# turquoise covered deer skull art



## lunkerbrad (Feb 17, 2007)

spent a few hrs on this old deer skull and it turned out nice .also a few emeralds and red coral are on it .


----------



## Brassnadz (Jun 18, 2007)

Well, its different...


----------



## Bucksnort (Jun 29, 2004)

different and creative. I like it. can't remember where but I saw a place that covers the skull in brass or silver like a pair of baby shoes. that was pretty neat aswell.


----------



## USAFDAD (Apr 5, 2008)

Yes, indeed.


----------



## Trouthunter (Dec 18, 1998)

Good imagination.

TH


----------



## browning270 (May 29, 2008)

well,first iv ever seen


----------



## browning270 (May 29, 2008)

but i like it!


----------



## CHARLIE (Jun 2, 2004)

Wow man thats unreal

Charlie


----------



## lunkerbrad (Feb 17, 2007)

i spent 20 hrs on it and 170 .00 bucks in stones


----------



## redfishflyfisherdds (Mar 16, 2005)

lunkerbrad said:


> i spent 20 hrs on it and 170 .00 bucks in stones


GOOD LORD...You must love that deer.


----------



## lunkerbrad (Feb 17, 2007)

well i make custume rattling horns but only get 200.00 so this years stuff i get stuck with will be this art . i have a lot of customers that love a south west look and will fight over this skull with green backs. a few bob cats are next . my customers are out of state hunters .


----------



## Bassman5119 (Feb 26, 2008)

I'm gonna do that with one I have in the freezer, only I'm gonna use Miller Lite Bottle Caps. I better get to work making some available...


----------



## huntr4life (Apr 30, 2007)

Interesting...nice work.


----------



## Chunky (Oct 15, 2006)

Kewl, what did you use to attach the stones to the skull.


----------



## S-3 ranch (May 26, 2004)

*to each their own*

as i say one mans trash is ones tresure , but my wife looked at it and laughed her ***** off , that is some ugly stuff !! save your $$$ and do it where it will not hang as a deer camp joke


----------



## O/G SALTY (Jun 7, 2006)

why?


----------



## big john o (Aug 12, 2005)

pilar said:


> as i say one mans trash is ones tresure , but my wife looked at it and laughed her ***** off , that is some ugly stuff !! save your $$$ and do it where it will not hang as a deer camp joke


no seriously, tell us how you realy feel.


----------



## TXPalerider (May 21, 2004)

pilar said:


> as i say one mans trash is ones tresure , but my wife looked at it and laughed her ***** off , that is some ugly stuff !! save your $$$ and do it where it will not hang as a deer camp joke


Whether you liked it or not, that's about as rude as I've seen anyone be in this forum in a long time. I'd be ashamed of myself if I had made those comments.
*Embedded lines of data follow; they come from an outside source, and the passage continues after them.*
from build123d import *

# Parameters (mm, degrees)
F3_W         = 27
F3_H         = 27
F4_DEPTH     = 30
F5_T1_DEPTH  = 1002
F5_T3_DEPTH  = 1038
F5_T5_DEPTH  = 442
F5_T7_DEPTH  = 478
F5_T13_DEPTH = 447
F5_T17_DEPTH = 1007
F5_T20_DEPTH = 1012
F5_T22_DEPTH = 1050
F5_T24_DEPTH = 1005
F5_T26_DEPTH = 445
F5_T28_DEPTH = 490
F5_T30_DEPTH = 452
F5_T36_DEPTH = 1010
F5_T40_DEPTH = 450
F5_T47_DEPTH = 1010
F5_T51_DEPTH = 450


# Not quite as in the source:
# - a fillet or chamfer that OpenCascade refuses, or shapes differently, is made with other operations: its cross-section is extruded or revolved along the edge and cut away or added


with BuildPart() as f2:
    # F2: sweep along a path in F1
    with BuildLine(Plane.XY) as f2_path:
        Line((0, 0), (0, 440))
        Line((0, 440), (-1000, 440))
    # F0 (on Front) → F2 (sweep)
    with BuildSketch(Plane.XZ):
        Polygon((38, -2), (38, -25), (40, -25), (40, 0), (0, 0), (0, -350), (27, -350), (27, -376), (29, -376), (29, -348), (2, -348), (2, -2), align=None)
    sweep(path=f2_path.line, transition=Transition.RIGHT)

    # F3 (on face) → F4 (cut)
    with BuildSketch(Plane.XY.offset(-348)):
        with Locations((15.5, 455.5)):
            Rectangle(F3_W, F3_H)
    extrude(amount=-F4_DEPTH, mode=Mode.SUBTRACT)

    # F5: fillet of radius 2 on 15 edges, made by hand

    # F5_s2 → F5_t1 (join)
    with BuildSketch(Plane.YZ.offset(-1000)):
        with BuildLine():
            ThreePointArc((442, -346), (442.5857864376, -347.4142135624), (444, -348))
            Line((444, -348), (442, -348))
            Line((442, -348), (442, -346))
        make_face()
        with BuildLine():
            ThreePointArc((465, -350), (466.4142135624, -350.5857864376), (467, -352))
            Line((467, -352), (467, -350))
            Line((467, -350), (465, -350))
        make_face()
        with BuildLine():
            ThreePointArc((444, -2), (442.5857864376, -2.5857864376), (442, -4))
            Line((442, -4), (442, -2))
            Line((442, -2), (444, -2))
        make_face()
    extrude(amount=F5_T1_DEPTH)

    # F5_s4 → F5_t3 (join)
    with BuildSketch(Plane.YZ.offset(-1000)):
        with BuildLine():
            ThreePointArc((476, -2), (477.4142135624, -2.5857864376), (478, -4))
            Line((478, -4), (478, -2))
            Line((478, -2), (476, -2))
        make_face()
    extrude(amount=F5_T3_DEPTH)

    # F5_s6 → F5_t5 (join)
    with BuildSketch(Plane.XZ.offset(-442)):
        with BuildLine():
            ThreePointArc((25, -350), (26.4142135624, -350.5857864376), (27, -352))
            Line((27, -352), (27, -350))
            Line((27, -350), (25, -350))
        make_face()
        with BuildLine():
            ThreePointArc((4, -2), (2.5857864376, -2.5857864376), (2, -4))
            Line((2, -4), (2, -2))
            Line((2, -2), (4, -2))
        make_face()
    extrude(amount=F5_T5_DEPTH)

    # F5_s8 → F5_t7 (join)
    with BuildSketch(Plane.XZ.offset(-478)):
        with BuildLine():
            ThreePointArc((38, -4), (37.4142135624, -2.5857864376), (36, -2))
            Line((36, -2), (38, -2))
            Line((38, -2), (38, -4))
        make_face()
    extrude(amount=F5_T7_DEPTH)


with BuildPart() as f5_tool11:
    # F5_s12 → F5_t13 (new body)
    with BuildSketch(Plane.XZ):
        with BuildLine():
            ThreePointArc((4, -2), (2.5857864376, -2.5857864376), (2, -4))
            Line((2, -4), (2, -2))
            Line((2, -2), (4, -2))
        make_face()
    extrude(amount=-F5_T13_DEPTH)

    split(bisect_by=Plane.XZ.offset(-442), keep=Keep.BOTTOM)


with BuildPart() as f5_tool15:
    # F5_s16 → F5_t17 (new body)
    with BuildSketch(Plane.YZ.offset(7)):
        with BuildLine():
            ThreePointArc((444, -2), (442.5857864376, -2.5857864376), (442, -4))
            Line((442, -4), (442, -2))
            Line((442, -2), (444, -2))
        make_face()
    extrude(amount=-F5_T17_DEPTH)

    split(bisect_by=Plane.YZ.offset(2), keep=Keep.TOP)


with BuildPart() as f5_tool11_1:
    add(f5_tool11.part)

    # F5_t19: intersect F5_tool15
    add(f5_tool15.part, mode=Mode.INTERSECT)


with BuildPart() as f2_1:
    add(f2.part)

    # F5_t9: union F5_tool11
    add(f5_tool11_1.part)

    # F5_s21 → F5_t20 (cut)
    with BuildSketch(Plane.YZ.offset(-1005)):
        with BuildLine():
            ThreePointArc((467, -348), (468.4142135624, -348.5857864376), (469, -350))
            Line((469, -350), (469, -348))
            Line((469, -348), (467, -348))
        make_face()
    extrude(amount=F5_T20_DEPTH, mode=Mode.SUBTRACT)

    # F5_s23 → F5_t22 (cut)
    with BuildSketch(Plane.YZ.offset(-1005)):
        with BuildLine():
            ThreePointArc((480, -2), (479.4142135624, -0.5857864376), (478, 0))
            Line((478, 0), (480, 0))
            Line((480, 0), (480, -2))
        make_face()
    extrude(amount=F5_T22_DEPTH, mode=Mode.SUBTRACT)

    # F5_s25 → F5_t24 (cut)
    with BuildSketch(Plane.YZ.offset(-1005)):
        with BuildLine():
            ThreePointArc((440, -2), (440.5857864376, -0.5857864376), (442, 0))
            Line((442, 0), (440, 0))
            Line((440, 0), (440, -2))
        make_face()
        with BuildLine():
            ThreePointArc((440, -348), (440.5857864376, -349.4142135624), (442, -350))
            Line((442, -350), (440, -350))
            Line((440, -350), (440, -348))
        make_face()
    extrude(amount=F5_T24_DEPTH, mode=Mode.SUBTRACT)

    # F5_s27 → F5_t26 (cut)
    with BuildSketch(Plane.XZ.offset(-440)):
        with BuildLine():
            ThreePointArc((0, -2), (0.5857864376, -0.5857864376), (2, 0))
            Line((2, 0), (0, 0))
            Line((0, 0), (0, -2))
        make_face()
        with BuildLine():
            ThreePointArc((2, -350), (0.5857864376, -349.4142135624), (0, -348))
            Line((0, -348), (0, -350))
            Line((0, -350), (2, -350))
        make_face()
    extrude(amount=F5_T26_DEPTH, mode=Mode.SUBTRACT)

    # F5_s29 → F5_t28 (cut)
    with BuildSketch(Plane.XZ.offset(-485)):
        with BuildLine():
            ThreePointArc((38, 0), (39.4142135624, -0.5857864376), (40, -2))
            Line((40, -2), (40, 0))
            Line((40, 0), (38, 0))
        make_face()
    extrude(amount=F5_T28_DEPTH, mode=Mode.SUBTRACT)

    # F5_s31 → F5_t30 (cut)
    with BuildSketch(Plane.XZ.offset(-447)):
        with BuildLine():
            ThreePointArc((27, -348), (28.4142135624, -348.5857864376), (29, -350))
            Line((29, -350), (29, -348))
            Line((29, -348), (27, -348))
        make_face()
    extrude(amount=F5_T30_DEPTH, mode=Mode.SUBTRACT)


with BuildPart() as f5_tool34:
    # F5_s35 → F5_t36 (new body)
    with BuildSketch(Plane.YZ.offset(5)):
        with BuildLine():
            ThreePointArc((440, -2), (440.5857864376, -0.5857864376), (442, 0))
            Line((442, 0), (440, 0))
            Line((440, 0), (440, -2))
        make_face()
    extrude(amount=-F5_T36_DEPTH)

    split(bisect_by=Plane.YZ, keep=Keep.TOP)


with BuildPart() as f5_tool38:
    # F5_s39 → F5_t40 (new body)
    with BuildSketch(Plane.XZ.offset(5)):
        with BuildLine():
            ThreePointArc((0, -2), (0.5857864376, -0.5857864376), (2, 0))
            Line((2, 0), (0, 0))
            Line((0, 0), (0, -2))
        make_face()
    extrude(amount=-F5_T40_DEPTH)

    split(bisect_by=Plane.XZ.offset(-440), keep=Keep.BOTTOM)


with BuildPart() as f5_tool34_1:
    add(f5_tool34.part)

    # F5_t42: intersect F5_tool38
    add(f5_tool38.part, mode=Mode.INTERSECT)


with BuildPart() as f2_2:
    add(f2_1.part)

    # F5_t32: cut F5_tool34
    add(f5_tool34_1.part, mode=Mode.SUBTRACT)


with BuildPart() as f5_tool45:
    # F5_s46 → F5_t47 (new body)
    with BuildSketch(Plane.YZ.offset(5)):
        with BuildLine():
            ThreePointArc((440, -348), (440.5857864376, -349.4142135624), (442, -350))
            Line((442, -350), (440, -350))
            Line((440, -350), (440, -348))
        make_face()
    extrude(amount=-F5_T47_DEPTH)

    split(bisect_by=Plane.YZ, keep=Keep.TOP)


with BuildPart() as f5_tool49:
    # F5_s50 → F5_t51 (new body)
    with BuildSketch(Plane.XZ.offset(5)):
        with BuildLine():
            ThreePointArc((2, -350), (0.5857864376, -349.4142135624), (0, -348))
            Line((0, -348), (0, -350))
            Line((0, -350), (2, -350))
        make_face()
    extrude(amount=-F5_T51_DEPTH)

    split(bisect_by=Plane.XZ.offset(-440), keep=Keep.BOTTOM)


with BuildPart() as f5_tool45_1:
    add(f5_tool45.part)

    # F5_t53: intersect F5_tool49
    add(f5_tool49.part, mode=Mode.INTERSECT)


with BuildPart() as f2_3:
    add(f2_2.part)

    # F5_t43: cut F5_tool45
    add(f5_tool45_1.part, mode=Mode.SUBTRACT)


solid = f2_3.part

Wouldn't it have just been easier to keep your mouth shut? Why waste the effort just to insult someone else?

Just remember, "it's better to be thought of as an ___hole, than to open your mouth and remove all doubt."


----------



## flatscat281 (Oct 25, 2006)

Lunkerbrad,

Thanks for taking the time to post pictures of your project. Very nice work. That is a differnet look you do not see everyday and I like it. Reguardless if one likes the art or not, the majority of us out here can appreciate the man hours and detail spent on your art work. You did a great job. If you do not mind sharing, I would also like to know what you used to attach the stones to the skull. Thanks again.


----------



## willydavenport (Jun 4, 2004)

I agree palerider. I think pilar is still upset that his wife busted up all of mounts to feed to the dogs!!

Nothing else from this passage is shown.